* Exercise:
Repeat the stretch of entries below from the line with "43.4h2.5M10 60.2h2M41.9 66.3v1.3M45.7" through the line with "72.6h2.6M95.2 68.9h1M101.6 68.8h1.3M107.9". Include both ends and add nothing.

* Records from a data source:
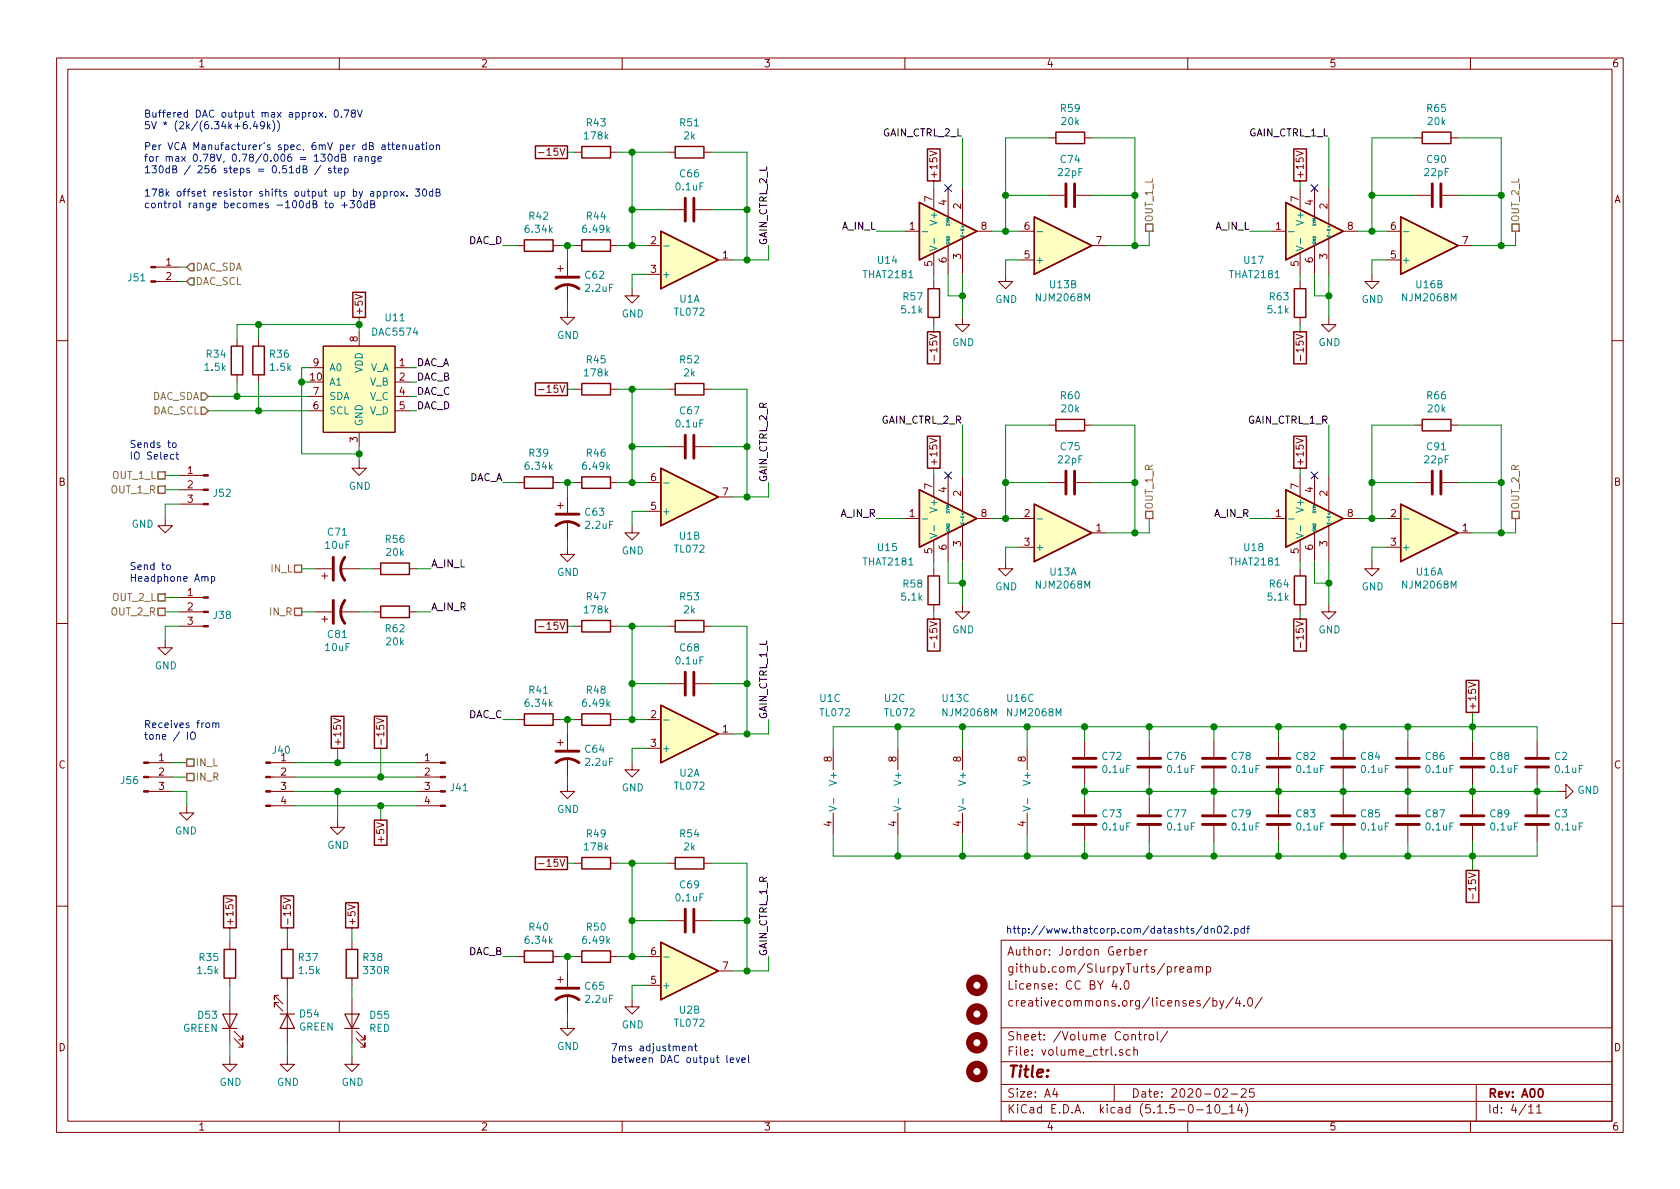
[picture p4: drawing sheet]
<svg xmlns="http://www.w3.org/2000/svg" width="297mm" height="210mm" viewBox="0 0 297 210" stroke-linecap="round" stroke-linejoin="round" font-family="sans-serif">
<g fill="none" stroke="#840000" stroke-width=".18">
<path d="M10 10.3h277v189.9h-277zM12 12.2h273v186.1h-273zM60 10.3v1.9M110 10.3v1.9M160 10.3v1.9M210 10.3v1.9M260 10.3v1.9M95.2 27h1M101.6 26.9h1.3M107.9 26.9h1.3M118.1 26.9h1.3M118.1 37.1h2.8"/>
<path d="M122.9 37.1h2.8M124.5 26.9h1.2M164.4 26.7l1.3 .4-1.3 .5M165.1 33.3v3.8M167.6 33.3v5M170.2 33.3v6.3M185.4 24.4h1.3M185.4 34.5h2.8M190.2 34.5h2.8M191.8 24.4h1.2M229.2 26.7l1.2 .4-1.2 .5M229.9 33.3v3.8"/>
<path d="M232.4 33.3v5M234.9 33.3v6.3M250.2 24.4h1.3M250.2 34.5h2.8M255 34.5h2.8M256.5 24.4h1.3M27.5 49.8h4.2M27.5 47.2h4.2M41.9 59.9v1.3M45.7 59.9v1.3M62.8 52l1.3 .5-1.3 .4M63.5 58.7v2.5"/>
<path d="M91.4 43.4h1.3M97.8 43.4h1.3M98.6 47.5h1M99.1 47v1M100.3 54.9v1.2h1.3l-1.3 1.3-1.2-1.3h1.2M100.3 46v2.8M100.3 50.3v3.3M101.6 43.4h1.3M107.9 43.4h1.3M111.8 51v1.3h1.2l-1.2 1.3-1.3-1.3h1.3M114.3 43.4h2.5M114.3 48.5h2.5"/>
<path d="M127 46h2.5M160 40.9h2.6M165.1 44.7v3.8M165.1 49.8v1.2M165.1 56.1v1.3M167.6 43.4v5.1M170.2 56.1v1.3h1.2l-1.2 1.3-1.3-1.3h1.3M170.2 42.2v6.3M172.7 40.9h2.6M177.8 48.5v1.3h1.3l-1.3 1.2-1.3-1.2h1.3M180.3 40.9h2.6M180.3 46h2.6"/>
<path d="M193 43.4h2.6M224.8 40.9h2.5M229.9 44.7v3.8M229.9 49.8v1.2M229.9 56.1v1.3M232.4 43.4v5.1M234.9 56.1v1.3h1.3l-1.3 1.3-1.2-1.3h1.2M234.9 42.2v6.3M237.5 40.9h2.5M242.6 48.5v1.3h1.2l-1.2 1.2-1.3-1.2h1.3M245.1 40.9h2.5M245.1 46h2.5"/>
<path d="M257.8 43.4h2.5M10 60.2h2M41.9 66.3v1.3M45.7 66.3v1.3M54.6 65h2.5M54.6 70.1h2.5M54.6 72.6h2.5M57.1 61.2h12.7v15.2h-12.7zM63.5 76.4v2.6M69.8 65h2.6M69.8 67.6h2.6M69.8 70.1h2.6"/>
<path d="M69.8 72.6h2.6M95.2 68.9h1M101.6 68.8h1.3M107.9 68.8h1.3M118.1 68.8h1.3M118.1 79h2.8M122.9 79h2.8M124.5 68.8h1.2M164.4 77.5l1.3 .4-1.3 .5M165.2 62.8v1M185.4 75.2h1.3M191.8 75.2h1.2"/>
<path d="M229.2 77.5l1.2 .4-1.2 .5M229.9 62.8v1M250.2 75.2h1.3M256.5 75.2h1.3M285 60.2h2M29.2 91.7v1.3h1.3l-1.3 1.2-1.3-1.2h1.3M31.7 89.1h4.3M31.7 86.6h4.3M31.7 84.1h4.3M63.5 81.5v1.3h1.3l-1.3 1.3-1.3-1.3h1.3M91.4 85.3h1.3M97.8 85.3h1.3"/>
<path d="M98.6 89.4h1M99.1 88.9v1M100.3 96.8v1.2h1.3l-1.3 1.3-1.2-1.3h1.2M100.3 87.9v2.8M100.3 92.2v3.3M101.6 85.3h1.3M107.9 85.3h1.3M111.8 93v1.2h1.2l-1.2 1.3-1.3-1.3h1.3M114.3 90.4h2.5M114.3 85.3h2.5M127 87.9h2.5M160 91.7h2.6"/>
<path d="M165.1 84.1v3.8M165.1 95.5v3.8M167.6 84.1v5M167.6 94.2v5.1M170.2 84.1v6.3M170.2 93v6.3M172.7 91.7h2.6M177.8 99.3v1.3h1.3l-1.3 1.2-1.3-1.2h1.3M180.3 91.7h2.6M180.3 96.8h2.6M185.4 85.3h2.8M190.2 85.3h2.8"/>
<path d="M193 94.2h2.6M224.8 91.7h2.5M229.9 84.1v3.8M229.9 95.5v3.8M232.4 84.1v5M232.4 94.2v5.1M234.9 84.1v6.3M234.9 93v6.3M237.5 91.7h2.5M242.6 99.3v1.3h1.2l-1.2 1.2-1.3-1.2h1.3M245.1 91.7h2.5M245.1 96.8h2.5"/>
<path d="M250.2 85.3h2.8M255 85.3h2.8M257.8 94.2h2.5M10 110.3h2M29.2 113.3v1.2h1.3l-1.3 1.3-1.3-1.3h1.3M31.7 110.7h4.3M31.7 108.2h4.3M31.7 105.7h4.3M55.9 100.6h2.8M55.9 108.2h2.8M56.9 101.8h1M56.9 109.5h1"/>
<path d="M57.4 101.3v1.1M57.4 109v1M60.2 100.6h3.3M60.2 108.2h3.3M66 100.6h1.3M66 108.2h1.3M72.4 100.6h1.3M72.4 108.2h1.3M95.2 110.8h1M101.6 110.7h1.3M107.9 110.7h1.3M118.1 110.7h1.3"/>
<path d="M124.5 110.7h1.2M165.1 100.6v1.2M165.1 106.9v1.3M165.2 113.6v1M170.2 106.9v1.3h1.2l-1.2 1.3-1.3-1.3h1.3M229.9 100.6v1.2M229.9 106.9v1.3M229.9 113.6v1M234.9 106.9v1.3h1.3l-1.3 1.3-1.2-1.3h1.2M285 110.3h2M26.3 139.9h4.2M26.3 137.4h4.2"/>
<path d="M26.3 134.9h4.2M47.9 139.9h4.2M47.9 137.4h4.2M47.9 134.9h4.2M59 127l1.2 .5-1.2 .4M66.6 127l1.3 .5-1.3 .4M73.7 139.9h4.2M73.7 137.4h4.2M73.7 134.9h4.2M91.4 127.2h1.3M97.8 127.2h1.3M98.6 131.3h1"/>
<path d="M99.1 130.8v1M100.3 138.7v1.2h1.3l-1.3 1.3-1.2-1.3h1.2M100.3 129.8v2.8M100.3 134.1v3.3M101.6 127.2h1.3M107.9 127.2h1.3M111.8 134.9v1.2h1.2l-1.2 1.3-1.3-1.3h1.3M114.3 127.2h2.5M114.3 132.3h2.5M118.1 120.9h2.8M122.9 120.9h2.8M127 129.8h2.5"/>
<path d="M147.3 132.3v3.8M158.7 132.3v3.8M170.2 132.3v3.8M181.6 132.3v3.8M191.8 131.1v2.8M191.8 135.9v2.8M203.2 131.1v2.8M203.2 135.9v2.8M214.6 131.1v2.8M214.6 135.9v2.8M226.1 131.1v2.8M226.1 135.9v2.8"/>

* Solution to this problem:
<path d="M257.8 43.4h2.5M10 60.2h2M41.9 66.3v1.3M45.7 66.3v1.3M54.6 65h2.5M54.6 70.1h2.5M54.6 72.6h2.5M57.1 61.2h12.7v15.2h-12.7zM63.5 76.4v2.6M69.8 65h2.6M69.8 67.6h2.6M69.8 70.1h2.6"/>
<path d="M69.8 72.6h2.6M95.2 68.9h1M101.6 68.8h1.3M107.9 68.8h1.3M118.1 68.8h1.3M118.1 79h2.8M122.9 79h2.8M124.5 68.8h1.2M164.4 77.5l1.3 .4-1.3 .5M165.2 62.8v1M185.4 75.2h1.3M191.8 75.2h1.2"/>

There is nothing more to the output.